Excerpts from a dataset:
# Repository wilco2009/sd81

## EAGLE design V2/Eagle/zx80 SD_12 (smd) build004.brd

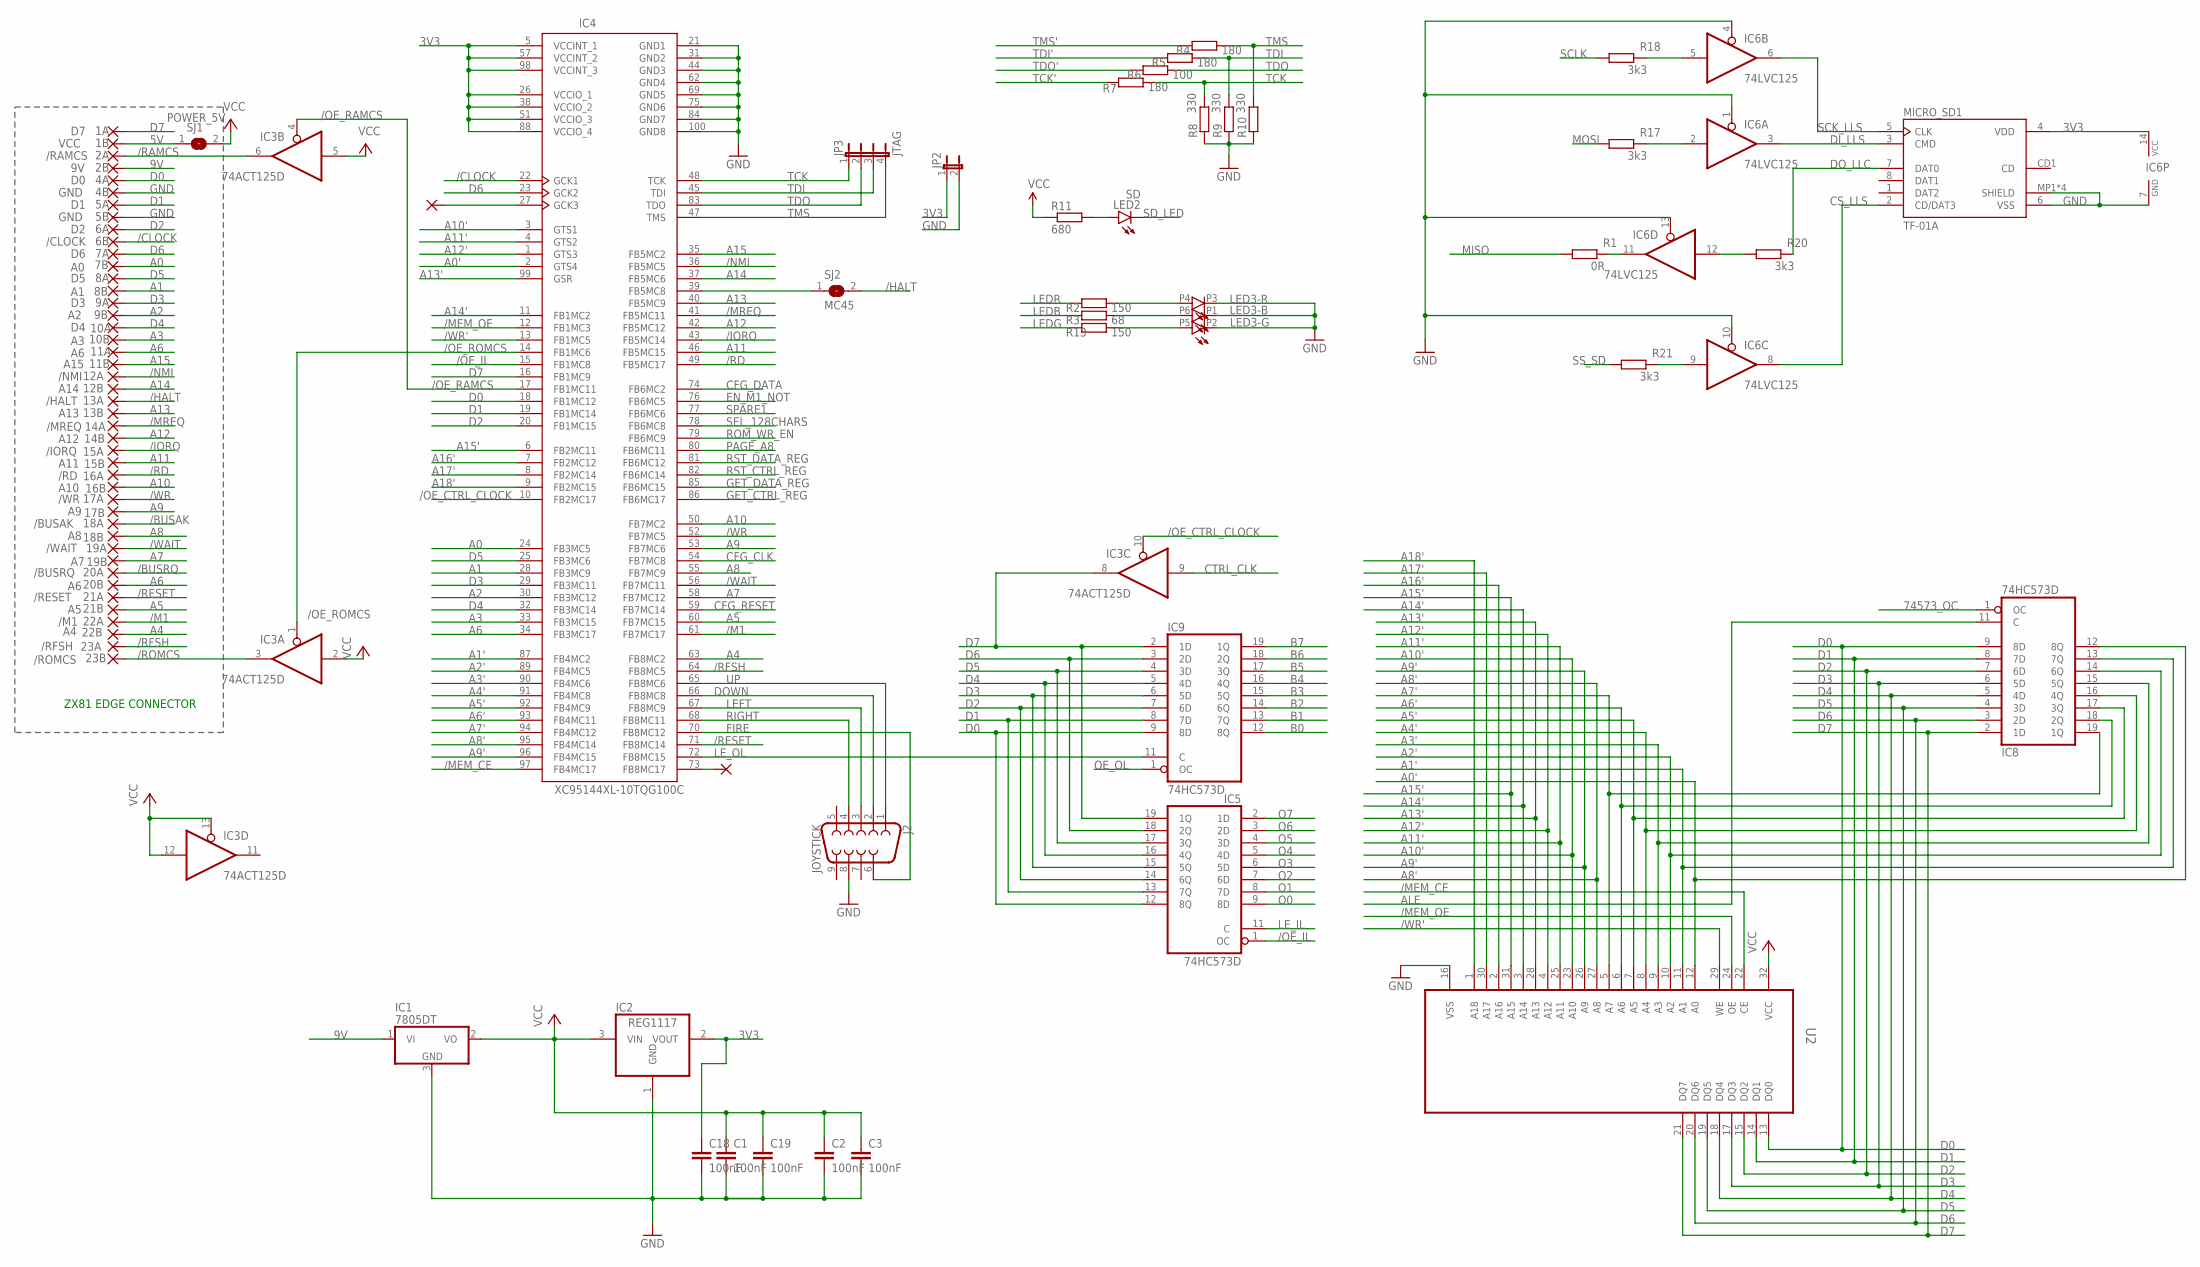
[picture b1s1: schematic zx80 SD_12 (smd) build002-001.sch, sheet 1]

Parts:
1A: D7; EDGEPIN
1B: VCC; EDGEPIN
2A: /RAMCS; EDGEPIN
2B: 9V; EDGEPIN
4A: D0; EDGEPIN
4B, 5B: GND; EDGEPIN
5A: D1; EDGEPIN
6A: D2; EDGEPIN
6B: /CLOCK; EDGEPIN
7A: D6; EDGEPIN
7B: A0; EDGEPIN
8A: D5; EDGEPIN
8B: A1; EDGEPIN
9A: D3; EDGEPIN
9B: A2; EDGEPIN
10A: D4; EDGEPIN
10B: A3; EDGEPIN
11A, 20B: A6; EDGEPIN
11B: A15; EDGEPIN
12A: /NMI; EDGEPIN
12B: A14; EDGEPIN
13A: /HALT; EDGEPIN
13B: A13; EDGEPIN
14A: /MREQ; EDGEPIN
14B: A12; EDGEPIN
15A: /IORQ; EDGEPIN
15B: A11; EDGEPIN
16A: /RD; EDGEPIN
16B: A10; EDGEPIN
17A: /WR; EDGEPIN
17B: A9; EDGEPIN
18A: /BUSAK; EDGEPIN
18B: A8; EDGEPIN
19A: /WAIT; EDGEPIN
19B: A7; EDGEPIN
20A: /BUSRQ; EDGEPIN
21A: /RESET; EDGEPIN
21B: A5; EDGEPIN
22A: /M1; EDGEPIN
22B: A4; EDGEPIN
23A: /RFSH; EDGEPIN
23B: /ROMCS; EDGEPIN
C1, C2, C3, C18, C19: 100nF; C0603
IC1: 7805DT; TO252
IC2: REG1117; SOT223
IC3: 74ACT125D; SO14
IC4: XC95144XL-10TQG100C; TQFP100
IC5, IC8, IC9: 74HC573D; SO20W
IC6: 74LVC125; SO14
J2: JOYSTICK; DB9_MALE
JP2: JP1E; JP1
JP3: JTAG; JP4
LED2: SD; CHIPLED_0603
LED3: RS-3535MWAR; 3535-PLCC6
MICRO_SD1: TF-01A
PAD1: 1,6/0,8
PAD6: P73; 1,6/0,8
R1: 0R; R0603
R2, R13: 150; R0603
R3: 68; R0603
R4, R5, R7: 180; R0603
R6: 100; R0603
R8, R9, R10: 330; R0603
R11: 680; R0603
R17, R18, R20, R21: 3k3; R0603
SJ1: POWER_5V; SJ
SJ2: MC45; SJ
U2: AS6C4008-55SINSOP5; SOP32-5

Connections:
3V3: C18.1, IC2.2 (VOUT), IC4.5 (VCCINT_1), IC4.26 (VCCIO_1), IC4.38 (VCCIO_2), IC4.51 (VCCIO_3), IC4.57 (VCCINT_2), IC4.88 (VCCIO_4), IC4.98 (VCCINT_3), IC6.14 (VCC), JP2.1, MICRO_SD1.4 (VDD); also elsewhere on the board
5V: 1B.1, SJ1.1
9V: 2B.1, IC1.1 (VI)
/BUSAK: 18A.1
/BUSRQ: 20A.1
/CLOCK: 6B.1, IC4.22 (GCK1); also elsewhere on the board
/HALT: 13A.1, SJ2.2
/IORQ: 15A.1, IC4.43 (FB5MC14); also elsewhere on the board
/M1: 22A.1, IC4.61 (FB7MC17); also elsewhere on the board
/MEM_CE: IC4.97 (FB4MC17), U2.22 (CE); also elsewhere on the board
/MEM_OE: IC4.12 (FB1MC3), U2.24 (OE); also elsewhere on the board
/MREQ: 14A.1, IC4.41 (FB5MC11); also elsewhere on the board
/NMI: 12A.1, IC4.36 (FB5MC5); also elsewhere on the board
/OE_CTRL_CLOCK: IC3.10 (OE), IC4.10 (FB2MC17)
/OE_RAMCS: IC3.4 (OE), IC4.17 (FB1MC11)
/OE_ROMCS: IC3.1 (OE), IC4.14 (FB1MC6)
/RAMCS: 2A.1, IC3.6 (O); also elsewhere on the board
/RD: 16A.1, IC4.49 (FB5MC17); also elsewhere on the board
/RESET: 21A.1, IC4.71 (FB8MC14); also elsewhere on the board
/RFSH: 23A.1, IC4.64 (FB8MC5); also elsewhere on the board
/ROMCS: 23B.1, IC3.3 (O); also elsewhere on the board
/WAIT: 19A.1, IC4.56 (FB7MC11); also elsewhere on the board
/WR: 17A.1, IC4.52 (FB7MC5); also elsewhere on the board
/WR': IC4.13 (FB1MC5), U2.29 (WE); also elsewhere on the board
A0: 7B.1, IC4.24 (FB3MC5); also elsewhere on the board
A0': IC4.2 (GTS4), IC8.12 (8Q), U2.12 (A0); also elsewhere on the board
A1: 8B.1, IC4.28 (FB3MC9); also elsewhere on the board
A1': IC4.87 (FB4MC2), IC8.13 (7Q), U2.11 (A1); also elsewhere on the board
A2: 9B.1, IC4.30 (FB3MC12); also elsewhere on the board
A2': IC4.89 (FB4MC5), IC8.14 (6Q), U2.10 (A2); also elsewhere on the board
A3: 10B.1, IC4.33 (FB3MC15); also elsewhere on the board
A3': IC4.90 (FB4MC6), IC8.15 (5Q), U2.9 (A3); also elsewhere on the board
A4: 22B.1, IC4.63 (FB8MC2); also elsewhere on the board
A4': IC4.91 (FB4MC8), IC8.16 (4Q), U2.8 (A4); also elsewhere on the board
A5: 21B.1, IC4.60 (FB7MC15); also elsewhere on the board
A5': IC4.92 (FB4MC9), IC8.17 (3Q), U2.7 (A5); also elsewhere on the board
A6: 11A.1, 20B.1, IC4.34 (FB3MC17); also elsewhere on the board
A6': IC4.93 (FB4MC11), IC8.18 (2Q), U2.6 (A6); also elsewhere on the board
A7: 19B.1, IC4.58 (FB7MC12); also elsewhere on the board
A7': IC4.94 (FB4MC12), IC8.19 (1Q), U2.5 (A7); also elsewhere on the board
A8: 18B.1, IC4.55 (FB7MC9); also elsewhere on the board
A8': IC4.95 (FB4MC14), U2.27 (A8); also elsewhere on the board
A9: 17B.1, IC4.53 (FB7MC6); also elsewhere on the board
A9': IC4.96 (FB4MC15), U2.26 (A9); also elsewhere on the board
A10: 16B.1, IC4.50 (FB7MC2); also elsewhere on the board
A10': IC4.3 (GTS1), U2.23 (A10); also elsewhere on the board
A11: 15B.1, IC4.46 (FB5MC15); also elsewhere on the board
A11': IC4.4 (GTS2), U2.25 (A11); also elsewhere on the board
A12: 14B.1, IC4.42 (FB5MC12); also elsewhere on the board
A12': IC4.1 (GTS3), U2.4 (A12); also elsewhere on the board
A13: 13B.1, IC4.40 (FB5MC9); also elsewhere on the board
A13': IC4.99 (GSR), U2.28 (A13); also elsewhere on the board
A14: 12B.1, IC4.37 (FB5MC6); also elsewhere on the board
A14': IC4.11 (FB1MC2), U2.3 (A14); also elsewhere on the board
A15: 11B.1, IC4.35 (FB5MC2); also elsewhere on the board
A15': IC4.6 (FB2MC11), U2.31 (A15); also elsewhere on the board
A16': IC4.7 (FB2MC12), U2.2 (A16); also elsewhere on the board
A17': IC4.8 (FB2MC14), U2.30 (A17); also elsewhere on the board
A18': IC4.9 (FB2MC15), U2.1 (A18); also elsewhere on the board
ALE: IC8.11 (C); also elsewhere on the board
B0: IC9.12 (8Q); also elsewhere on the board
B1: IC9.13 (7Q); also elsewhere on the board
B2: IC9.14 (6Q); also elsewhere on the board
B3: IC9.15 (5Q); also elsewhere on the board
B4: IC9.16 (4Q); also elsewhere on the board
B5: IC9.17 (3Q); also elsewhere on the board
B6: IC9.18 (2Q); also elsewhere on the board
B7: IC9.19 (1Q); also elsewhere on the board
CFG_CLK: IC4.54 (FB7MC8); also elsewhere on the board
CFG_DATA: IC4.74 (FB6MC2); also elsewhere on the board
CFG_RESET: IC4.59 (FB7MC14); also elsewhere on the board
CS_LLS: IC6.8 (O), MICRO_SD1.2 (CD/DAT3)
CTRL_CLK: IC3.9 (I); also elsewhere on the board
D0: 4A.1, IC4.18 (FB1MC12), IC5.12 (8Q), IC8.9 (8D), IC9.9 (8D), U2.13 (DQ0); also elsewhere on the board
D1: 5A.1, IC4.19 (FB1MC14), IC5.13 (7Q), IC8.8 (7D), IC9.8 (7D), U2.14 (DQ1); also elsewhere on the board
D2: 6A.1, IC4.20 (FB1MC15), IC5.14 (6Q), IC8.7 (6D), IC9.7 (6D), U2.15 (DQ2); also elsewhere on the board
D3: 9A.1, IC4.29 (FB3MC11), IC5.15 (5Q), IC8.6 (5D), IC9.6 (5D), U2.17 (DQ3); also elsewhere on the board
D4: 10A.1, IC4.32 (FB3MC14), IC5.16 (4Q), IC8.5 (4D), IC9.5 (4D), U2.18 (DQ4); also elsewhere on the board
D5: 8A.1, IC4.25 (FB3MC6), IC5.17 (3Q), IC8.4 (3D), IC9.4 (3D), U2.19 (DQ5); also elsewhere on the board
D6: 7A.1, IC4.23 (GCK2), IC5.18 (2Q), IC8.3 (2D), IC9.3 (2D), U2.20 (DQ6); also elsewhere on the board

● TASK INSTRUCTIONS:
Check each line of the entries, and copy the ones that contain "IORQ".

● ANSWER BOX:
15A: /IORQ; EDGEPIN
/IORQ: 15A.1, IC4.43 (FB5MC14); also elsewhere on the board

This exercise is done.